These two features work the same on the Dataproc JupyterLab server as they do in a notebook environment server.

Accessing the Workbench CLI from on-cluster notebooks

The Workbench CLI utility, terra, is installed on the Dataproc JupyterLab server node, and initialized for the current workspace (similarly to how the notebook VM servers are configured).

You can use terra from the Terminal window or from a notebook cell to do things like create clusters (as described above), create resources, resolve resource names, and more.

See the example notebooks for an example of this.

Pausing (stopping), restarting, or deleting a cluster

You can stop (pause) a running cluster, restart a cluster, or delete it, from the ‘three-dot’ menu for the cluster in the Workbench web UI.

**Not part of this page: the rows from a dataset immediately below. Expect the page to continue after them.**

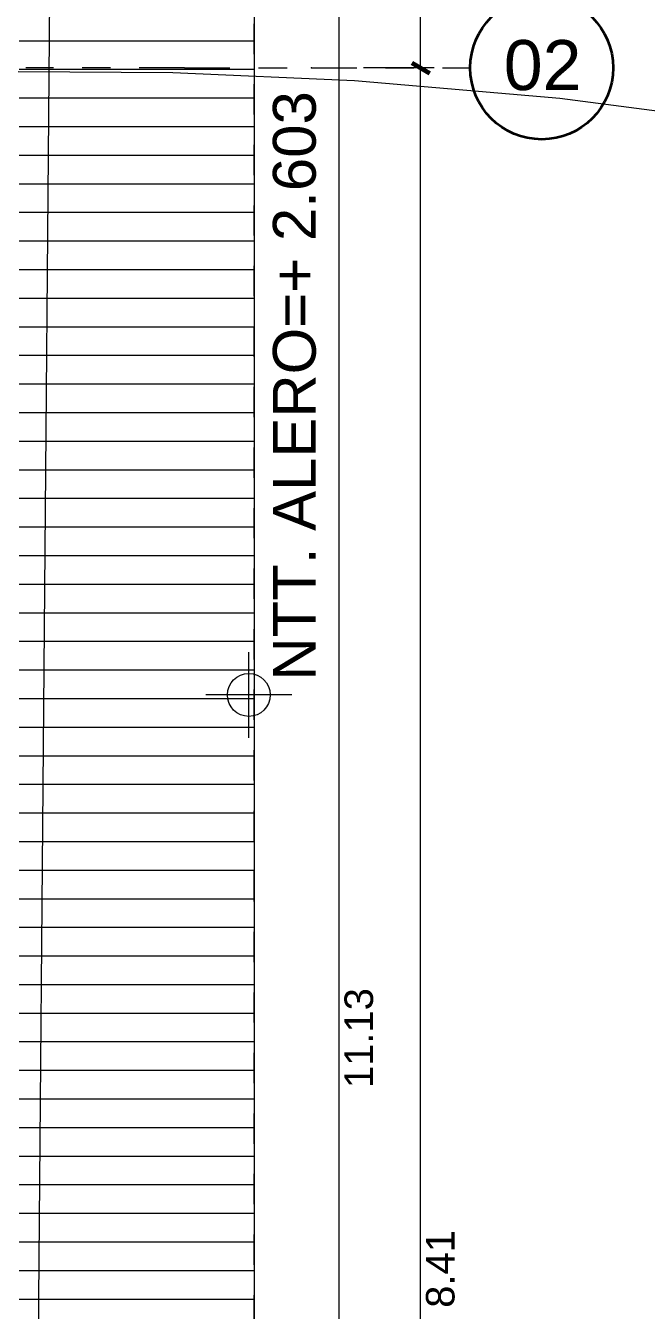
# Model space of a CAD drawing. Header units: metres. Extents: x 48 to 635, y -15 to 39.
# Drawn here: x 74.378 to 76.551, y 10.516 to 15.008 of the extents above; entities that cross this region are included whole.
import ezdxf

# ---------------------------------------------------------------- set-up
doc = ezdxf.new("R2010")
doc.units = ezdxf.units.M
doc.header["$MEASUREMENT"] = 0
doc.linetypes.add('Dashed', pattern=[0.211667, 0.105833, -0.105833])
doc.linetypes.add('Dot & Dashed', pattern=[0.335139, 0.15875, -0.088194, 0, -0.088194])
for name, color, linetype in [('Dimensioning - General', 7, 'Continuous'), ('Interior - Furniture', 7, 'Continuous'), ('Shell - Roof', 7, 'Continuous'), ('Structural - Grid', 7, 'Continuous')]:
    doc.layers.add(name, color=color, linetype=linetype)
doc.styles.add('GENERATED_STYLE_1', font='')
doc.styles.get('GENERATED_STYLE_1').set_extended_font_data('Arial')
doc.dimstyles.new('GENERATED_STYLE__1', dxfattribs={"dimtxt": 0.1, "dimasz": 0.0475, "dimexe": 0.18, "dimexo": 0.2, "dimgap": 0.09, "dimtad": 3, "dimzin": 0, "dimdsep": 46, "dimtxsty": 'GENERATED_STYLE_1', "dimblk": 'ARROWHEAD_2', "dimblk1": 'ARROWHEAD_2', "dimblk2": 'ARROWHEAD_2', "dimcen": 0.09, "dimclrd": 256, "dimclre": 256, "dimclrt": 5, "dimazin": 0, "dimtfac": 1, "dimtdec": 4, "dimtmove": 0, "dimatfit": 3, "dimfxl": 1, "dimtolj": 1, "dimtzin": 0, "dimarcsym": 0})

# ---------------------------------------------------------------- blocks, each defined once
blk = doc.blocks.new('*D2')
at = {"layer": 'Dimensioning - General', "color": 7, "linetype": 'Continuous', "lineweight": 60}
for p, q in [((75.7294, 14.8781), (75.7919, 14.842)), ((75.7294, 6.4731), (75.7919, 6.437))]:
    blk.add_line(p, q, dxfattribs=at)
at = {"layer": 'Dimensioning - General', "color": 151, "linetype": 'Continuous', "lineweight": 20, "true_color": 0x80c2ff}
for p, q in [((75.8076, 14.8601), (75.5607, 14.8601)), ((75.7607, 6.455), (75.7607, 14.8601)), ((75.8076, 6.455), (75.5607, 6.455)), ((75.7607, 6.4245), (75.7607, 6.455))]:
    blk.add_line(p, q, dxfattribs=at)
at = {"layer": 'Dimensioning - General', "color": 5, "lineweight": 25, "insert": (75.8807, 10.5245), "char_height": 0.1, "attachment_point": 7, "rotation": 90, "style": 'GENERATED_STYLE_1'}
blk.add_mtext('\\A1;{\\pql;\\fArial|b0|i0|c0|p34;8.41}', dxfattribs=at)
blk = doc.blocks.new('ARROWHEAD_2')
at = {"color": 0, "linetype": 'Continuous', "lineweight": 0}
for p, q in [((0, 0), (-1, 0)), ((-0.378, -0.655), (0.378, 0.655))]:
    blk.add_line(p, q, dxfattribs=at)
blk = doc.blocks.new('*D4')
at = {"layer": 'Dimensioning - General', "color": 151, "linetype": 'Continuous', "lineweight": 20, "true_color": 0x80c2ff}
for p, q in [((75.8076, 17.7474), (75.5607, 17.7474)), ((75.7607, 14.8601), (75.7607, 17.7474)), ((75.8076, 14.8601), (75.5607, 14.8601))]:
    blk.add_line(p, q, dxfattribs=at)
at = {"layer": 'Dimensioning - General', "color": 7, "linetype": 'Continuous', "lineweight": 60}
for p, q in [((75.7294, 17.7654), (75.7919, 17.7293)), ((75.7294, 14.8781), (75.7919, 14.842))]:
    blk.add_line(p, q, dxfattribs=at)
at = {"layer": 'Dimensioning - General', "color": 5, "lineweight": 25, "insert": (75.8807, 16.1707), "char_height": 0.1, "attachment_point": 7, "rotation": 90, "style": 'GENERATED_STYLE_1'}
blk.add_mtext('\\A1;{\\pql;\\fArial|b0|i0|c0|p34;2.89}', dxfattribs=at)
blk = doc.blocks.new('*D14')
at = {"layer": 'Dimensioning - General', "color": 7, "linetype": 'Continuous', "lineweight": 60}
for p, q in [((75.4444, 17.0404), (75.5069, 17.0043)), ((75.4444, 5.9131), (75.5069, 5.8771))]:
    blk.add_line(p, q, dxfattribs=at)
at = {"layer": 'Dimensioning - General', "color": 151, "linetype": 'Continuous', "lineweight": 20, "true_color": 0x80c2ff}
for p, q in [((75.5225, 17.0224), (75.2756, 17.0224)), ((75.4756, 5.8951), (75.4756, 17.0224)), ((75.5225, 5.8951), (75.2756, 5.8951)), ((75.4756, 5.8645), (75.4756, 5.8951))]:
    blk.add_line(p, q, dxfattribs=at)
at = {"layer": 'Dimensioning - General', "color": 5, "lineweight": 25, "insert": (75.5956, 11.2928), "char_height": 0.1, "attachment_point": 7, "rotation": 90, "style": 'GENERATED_STYLE_1'}
blk.add_mtext('\\A1;{\\pql;\\fArial|b0|i0|c0|p34;11.13}', dxfattribs=at)
blk = doc.blocks.new('*X20')
at = {"layer": 'Shell - Roof', "color": 23, "linetype": 'Continuous', "lineweight": 13, "true_color": 0xbf8080}
for p, q in [((74.3558, 14.9551), (74.602, 14.9551)), ((74.3558, 14.9551), (74.602, 14.9551)), ((74.602, 14.9551), (74.8482, 14.9551)), ((74.602, 14.9551), (74.8482, 14.9551)), ((74.8482, 14.9551), (75.0944, 14.9551)), ((74.8482, 14.9551), (75.0944, 14.9551)), ((75.0944, 14.9551), (75.1785, 14.9551)), ((75.0944, 14.9551), (75.1785, 14.9551)), ((74.3558, 14.8551), (74.602, 14.8551)), ((74.3558, 14.8551), (74.602, 14.8551)), ((74.602, 14.8551), (74.8482, 14.8551)), ((74.602, 14.8551), (74.8482, 14.8551)), ((74.8482, 14.8551), (75.0944, 14.8551)), ((74.8482, 14.8551), (75.0944, 14.8551)), ((75.0944, 14.8551), (75.1785, 14.8551)), ((75.0944, 14.8551), (75.1785, 14.8551)), ((74.3558, 14.7551), (74.602, 14.7551)), ((74.3558, 14.7551), (74.602, 14.7551)), ((74.602, 14.7551), (74.8482, 14.7551)), ((74.602, 14.7551), (74.8482, 14.7551)), ((74.8482, 14.7551), (75.0944, 14.7551)), ((74.8482, 14.7551), (75.0944, 14.7551)), ((75.0944, 14.7551), (75.1785, 14.7551)), ((75.0944, 14.7551), (75.1785, 14.7551)), ((74.3558, 14.6551), (74.602, 14.6551)), ((74.3558, 14.6551), (74.602, 14.6551)), ((74.602, 14.6551), (74.8482, 14.6551)), ((74.602, 14.6551), (74.8482, 14.6551)), ((74.8482, 14.6551), (75.0944, 14.6551)), ((74.8482, 14.6551), (75.0944, 14.6551)), ((75.0944, 14.6551), (75.1785, 14.6551)), ((75.0944, 14.6551), (75.1785, 14.6551)), ((74.3558, 14.5551), (74.602, 14.5551)), ((74.3558, 14.5551), (74.602, 14.5551)), ((74.602, 14.5551), (74.8482, 14.5551)), ((74.602, 14.5551), (74.8482, 14.5551)), ((74.8482, 14.5551), (75.0944, 14.5551)), ((74.8482, 14.5551), (75.0944, 14.5551)), ((75.0944, 14.5551), (75.1785, 14.5551)), ((75.0944, 14.5551), (75.1785, 14.5551)), ((74.3558, 14.4551), (74.602, 14.4551)), ((74.3558, 14.4551), (74.602, 14.4551)), ((74.602, 14.4551), (74.8482, 14.4551)), ((74.602, 14.4551), (74.8482, 14.4551)), ((74.8482, 14.4551), (75.0944, 14.4551)), ((74.8482, 14.4551), (75.0944, 14.4551)), ((75.0944, 14.4551), (75.1785, 14.4551)), ((75.0944, 14.4551), (75.1785, 14.4551)), ((74.3558, 14.3551), (74.602, 14.3551)), ((74.3558, 14.3551), (74.602, 14.3551)), ((74.602, 14.3551), (74.8482, 14.3551)), ((74.602, 14.3551), (74.8482, 14.3551)), ((74.8482, 14.3551), (75.0944, 14.3551)), ((74.8482, 14.3551), (75.0944, 14.3551)), ((75.0944, 14.3551), (75.1785, 14.3551)), ((75.0944, 14.3551), (75.1785, 14.3551)), ((74.3558, 14.2551), (74.602, 14.2551)), ((74.3558, 14.2551), (74.602, 14.2551)), ((74.602, 14.2551), (74.8482, 14.2551)), ((74.602, 14.2551), (74.8482, 14.2551)), ((74.8482, 14.2551), (75.0944, 14.2551)), ((74.8482, 14.2551), (75.0944, 14.2551)), ((75.0944, 14.2551), (75.1785, 14.2551)), ((75.0944, 14.2551), (75.1785, 14.2551)), ((74.3558, 14.1551), (74.602, 14.1551)), ((74.3558, 14.1551), (74.602, 14.1551)), ((74.602, 14.1551), (74.8482, 14.1551)), ((74.602, 14.1551), (74.8482, 14.1551)), ((74.8482, 14.1551), (75.0944, 14.1551)), ((74.8482, 14.1551), (75.0944, 14.1551)), ((75.0944, 14.1551), (75.1785, 14.1551)), ((75.0944, 14.1551), (75.1785, 14.1551)), ((74.3558, 14.0551), (74.602, 14.0551)), ((74.3558, 14.0551), (74.602, 14.0551)), ((74.602, 14.0551), (74.8482, 14.0551)), ((74.602, 14.0551), (74.8482, 14.0551)), ((74.8482, 14.0551), (75.0944, 14.0551)), ((74.8482, 14.0551), (75.0944, 14.0551)), ((75.0944, 14.0551), (75.1785, 14.0551)), ((75.0944, 14.0551), (75.1785, 14.0551)), ((74.3558, 13.9551), (74.602, 13.9551)), ((74.3558, 13.9551), (74.602, 13.9551)), ((74.602, 13.9551), (74.8482, 13.9551)), ((74.602, 13.9551), (74.8482, 13.9551)), ((74.8482, 13.9551), (75.0944, 13.9551)), ((74.8482, 13.9551), (75.0944, 13.9551)), ((75.0944, 13.9551), (75.1785, 13.9551)), ((75.0944, 13.9551), (75.1785, 13.9551)), ((74.3558, 13.8551), (74.602, 13.8551)), ((74.3558, 13.8551), (74.602, 13.8551)), ((74.602, 13.8551), (74.8482, 13.8551)), ((74.602, 13.8551), (74.8482, 13.8551)), ((74.8482, 13.8551), (75.0944, 13.8551)), ((74.8482, 13.8551), (75.0944, 13.8551)), ((75.0944, 13.8551), (75.1785, 13.8551)), ((75.0944, 13.8551), (75.1785, 13.8551)), ((74.3558, 13.7551), (74.602, 13.7551)), ((74.3558, 13.7551), (74.602, 13.7551)), ((74.602, 13.7551), (74.8482, 13.7551)), ((74.602, 13.7551), (74.8482, 13.7551)), ((74.8482, 13.7551), (75.0944, 13.7551)), ((74.8482, 13.7551), (75.0944, 13.7551)), ((75.0944, 13.7551), (75.1785, 13.7551)), ((75.0944, 13.7551), (75.1785, 13.7551)), ((74.3558, 13.6551), (74.602, 13.6551)), ((74.3558, 13.6551), (74.602, 13.6551)), ((74.602, 13.6551), (74.8482, 13.6551)), ((74.602, 13.6551), (74.8482, 13.6551)), ((74.8482, 13.6551), (75.0944, 13.6551)), ((74.8482, 13.6551), (75.0944, 13.6551)), ((75.0944, 13.6551), (75.1785, 13.6551)), ((75.0944, 13.6551), (75.1785, 13.6551)), ((74.3558, 13.5551), (74.602, 13.5551)), ((74.3558, 13.5551), (74.602, 13.5551)), ((74.602, 13.5551), (74.8482, 13.5551)), ((74.602, 13.5551), (74.8482, 13.5551)), ((74.8482, 13.5551), (75.0944, 13.5551)), ((74.8482, 13.5551), (75.0944, 13.5551)), ((75.0944, 13.5551), (75.1785, 13.5551)), ((75.0944, 13.5551), (75.1785, 13.5551)), ((74.3558, 13.4551), (74.602, 13.4551)), ((74.3558, 13.4551), (74.602, 13.4551)), ((74.602, 13.4551), (74.8482, 13.4551)), ((74.602, 13.4551), (74.8482, 13.4551)), ((74.8482, 13.4551), (75.0944, 13.4551)), ((74.8482, 13.4551), (75.0944, 13.4551)), ((75.0944, 13.4551), (75.1785, 13.4551)), ((75.0944, 13.4551), (75.1785, 13.4551)), ((74.3558, 13.3551), (74.602, 13.3551)), ((74.3558, 13.3551), (74.602, 13.3551)), ((74.602, 13.3551), (74.8482, 13.3551)), ((74.602, 13.3551), (74.8482, 13.3551)), ((74.8482, 13.3551), (75.0944, 13.3551)), ((74.8482, 13.3551), (75.0944, 13.3551)), ((75.0944, 13.3551), (75.1785, 13.3551)), ((75.0944, 13.3551), (75.1785, 13.3551)), ((74.3558, 13.2551), (74.602, 13.2551)), ((74.3558, 13.2551), (74.602, 13.2551)), ((74.602, 13.2551), (74.8482, 13.2551)), ((74.602, 13.2551), (74.8482, 13.2551)), ((74.8482, 13.2551), (75.0944, 13.2551)), ((74.8482, 13.2551), (75.0944, 13.2551)), ((75.0944, 13.2551), (75.1785, 13.2551)), ((75.0944, 13.2551), (75.1785, 13.2551)), ((74.3558, 13.1551), (74.602, 13.1551)), ((74.3558, 13.1551), (74.602, 13.1551)), ((74.602, 13.1551), (74.8482, 13.1551)), ((74.602, 13.1551), (74.8482, 13.1551)), ((74.8482, 13.1551), (75.0944, 13.1551)), ((74.8482, 13.1551), (75.0944, 13.1551)), ((75.0944, 13.1551), (75.1785, 13.1551)), ((75.0944, 13.1551), (75.1785, 13.1551)), ((74.3558, 13.0551), (74.602, 13.0551)), ((74.3558, 13.0551), (74.602, 13.0551)), ((74.602, 13.0551), (74.8482, 13.0551)), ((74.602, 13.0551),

You can stop/restart/delete a cluster from the Workbench web UI.

You can stop/restart/delete a cluster from the Workbench web UI.

You can also stop/restart/delete a cluster from the Cloud Console, as described below.

Scheduled deletion still applies to stopped clusters.

Changing the configuration of an existing Dataproc cluster

You can change some aspects of a cluster’s configuration after it has been created. Specifically, you can edit the cluster’s environment name (distinct from the cluster’s name in the Cloud Console), change the number of primary and spot worker nodes, select a different autoscaling policy, and update the scheduled deletion value. Note that machine type and disk size cannot be modified after creation.

To make changes to a cluster environment, click on the “three-dot” menu for the cluster, then select “Edit”.

Edit a cluster to change some aspects of its configuration.

The figure below shows editing the number of spot workers:

Changing the number of a cluster's spot workers.

A cluster configuration can not be edited— aside from its environment name— unless the cluster is in the RUNNING state. So, you can not make changes while it is STOPPED or UPDATING.

A cluster with "UPDATING" status.

Accessing the Dataproc dashboard in the Google Cloud console

You can open the Dataproc dashboard in the Google Cloud console by clicking the “Open cloud console” link under the ‘three-dot’ menu for the running cluster. You can also click on the project link on your workspace’s Overview page to open the cloud console, and navigate to the Dataproc panel.

The console’s Dataproc dashboard gives you access to a range of monitoring panels, logs, and web interfaces, and allows submission of batch jobs.

The dataproc dashboard in the cloud console.

You can also stop and start a cluster via the cloud console, and edit a cluster config to change its number of primary and secondary workers.

Note: cluster creation must be done via the Verily Workbench web UI or CLI, not the Cloud Console.

How to submit a batch job to a Dataproc cluster

You can submit a batch job using gcloud like this:

gcloud dataproc jobs submit pyspark --cluster {HAIL_CLUSTER_NAME} --region us-central1 \
    <your_batch_script>.py

See this notebook file for an example. You can run this command from a workspace notebook environment (both a “regular” notebook environment or the Dataproc cluster environment), or from your local machine. Locally, you may need to set the
--project flag as well, if gcloud is not configured for the correct project.

You can also submit a batch job from the Dataproc dashboard in the Cloud Console.

Dataproc in shared workspaces

Where a workspace is shared with multiple users, those with “Writer” or “Owner” privileges can create Dataproc clusters in the workspace. Those with “Reader” privileges can not create clusters, though they will be able to duplicate (clone) the workspace, and create clusters in the cloned workspace.

Users cannot see the details of each other’s clusters or access others’ notebook servers.

As described above, two controlled bucket resources are automatically created for you, on first creation of a dataproc cluster. Their resource names are: dataproc-staging-<workspace-name>, and dataproc-temp-<workspace-name>, where <workspace name> is replaced with the name of your workspace. Those buckets are used by default for all Dataproc clusters in the workspace (unless a user selects a different bucket).

Examples

Some example notebooks are available, give an example of running Hail interactively on-cluster to annotate significant GWAS results with gnomAD, and how to submit a Hail batch job to the Dataproc cluster.

Last Modified: 16 November 2023